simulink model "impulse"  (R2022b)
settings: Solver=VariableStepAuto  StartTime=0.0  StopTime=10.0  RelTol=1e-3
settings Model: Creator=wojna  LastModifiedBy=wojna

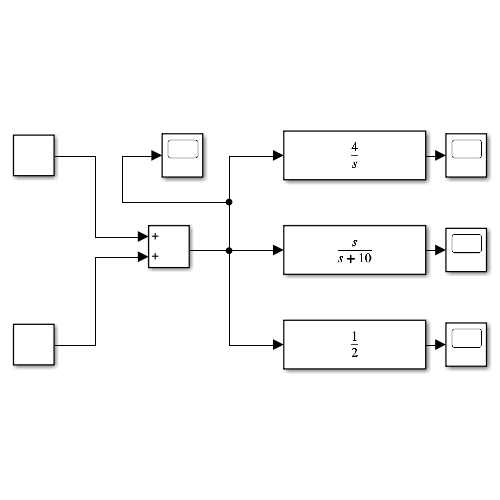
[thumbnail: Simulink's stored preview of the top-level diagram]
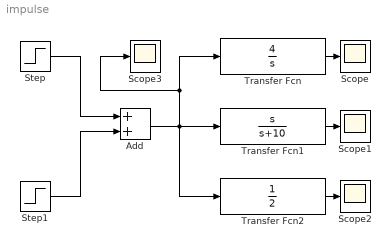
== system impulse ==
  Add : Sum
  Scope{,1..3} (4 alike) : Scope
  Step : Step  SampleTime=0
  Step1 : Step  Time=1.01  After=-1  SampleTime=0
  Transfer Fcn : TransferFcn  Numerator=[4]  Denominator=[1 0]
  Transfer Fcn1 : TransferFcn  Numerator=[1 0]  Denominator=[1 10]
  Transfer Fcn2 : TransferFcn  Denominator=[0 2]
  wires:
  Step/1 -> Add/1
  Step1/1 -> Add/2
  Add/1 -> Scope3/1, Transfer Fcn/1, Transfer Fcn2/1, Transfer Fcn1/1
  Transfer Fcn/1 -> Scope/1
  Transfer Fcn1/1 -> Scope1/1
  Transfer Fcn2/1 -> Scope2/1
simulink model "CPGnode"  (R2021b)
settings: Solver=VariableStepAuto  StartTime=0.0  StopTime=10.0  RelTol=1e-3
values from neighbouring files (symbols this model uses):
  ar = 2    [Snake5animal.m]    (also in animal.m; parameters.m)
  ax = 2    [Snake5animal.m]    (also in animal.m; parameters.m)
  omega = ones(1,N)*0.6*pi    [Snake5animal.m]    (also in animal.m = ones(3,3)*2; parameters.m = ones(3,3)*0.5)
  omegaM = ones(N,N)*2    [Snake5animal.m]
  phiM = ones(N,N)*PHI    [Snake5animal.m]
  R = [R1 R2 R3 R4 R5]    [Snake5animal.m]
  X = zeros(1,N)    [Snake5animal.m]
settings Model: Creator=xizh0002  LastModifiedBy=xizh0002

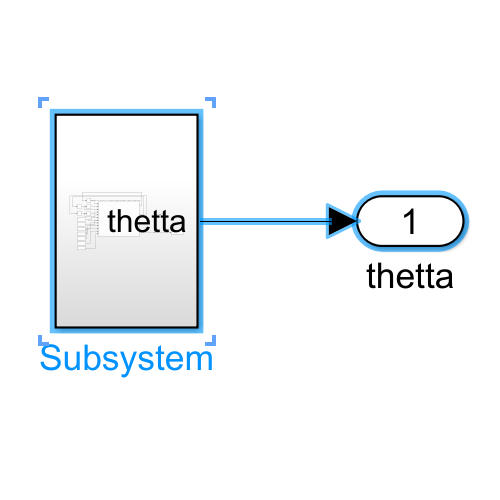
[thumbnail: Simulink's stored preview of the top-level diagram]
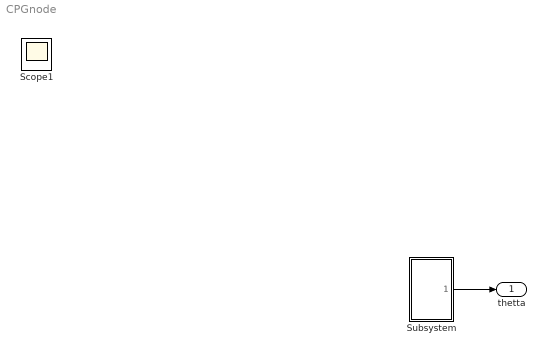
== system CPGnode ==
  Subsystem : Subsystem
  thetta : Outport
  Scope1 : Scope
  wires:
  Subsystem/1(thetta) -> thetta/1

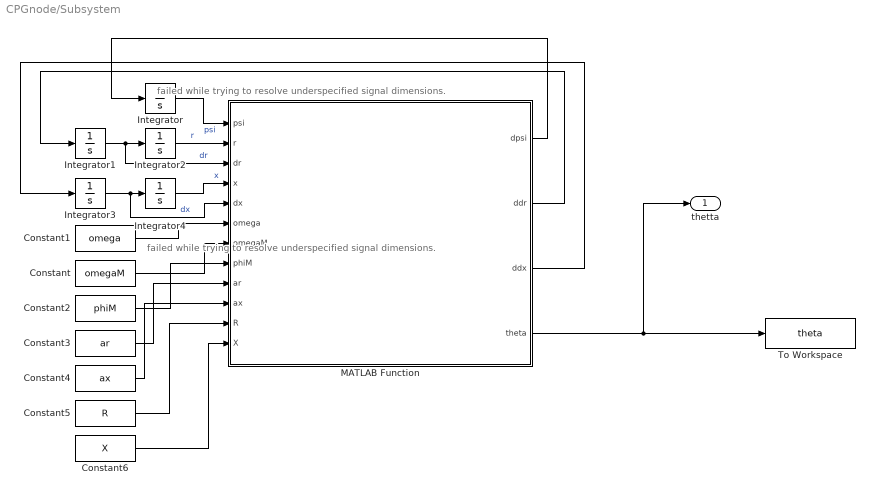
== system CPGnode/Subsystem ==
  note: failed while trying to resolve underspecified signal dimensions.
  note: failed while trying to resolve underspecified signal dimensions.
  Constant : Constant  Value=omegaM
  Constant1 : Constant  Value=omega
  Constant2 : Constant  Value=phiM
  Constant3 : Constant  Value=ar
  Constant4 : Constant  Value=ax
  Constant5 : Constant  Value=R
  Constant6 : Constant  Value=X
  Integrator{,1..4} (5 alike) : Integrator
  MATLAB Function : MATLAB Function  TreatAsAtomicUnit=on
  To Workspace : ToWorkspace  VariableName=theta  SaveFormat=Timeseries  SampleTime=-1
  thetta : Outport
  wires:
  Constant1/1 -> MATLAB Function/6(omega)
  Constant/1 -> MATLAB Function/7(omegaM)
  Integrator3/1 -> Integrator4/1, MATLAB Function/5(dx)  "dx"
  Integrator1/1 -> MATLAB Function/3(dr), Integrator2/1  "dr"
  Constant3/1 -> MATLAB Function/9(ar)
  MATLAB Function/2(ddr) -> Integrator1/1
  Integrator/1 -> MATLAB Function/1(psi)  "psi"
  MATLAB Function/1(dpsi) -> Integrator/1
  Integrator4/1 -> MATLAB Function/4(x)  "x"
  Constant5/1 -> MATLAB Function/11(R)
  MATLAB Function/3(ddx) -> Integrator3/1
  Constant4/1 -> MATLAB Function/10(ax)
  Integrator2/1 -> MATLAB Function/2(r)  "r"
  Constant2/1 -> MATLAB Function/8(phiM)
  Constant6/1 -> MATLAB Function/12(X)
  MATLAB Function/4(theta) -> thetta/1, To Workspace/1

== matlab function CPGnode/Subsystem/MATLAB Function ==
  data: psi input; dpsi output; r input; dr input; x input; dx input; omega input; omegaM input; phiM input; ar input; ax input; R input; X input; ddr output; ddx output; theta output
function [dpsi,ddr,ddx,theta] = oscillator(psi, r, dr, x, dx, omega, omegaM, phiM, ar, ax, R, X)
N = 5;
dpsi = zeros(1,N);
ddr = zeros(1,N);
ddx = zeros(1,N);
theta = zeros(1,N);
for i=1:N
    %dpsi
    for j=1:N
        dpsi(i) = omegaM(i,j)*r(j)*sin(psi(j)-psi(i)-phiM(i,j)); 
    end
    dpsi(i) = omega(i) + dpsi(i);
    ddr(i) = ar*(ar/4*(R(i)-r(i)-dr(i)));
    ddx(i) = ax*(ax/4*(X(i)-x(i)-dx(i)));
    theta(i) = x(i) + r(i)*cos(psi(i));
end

+ + +

_Task brief_. In the records above, find every line with the word "LastModifiedBy" and copy it.

_Solution below_.
settings Model: Creator=wojna  LastModifiedBy=wojna
settings Model: Creator=xizh0002  LastModifiedBy=xizh0002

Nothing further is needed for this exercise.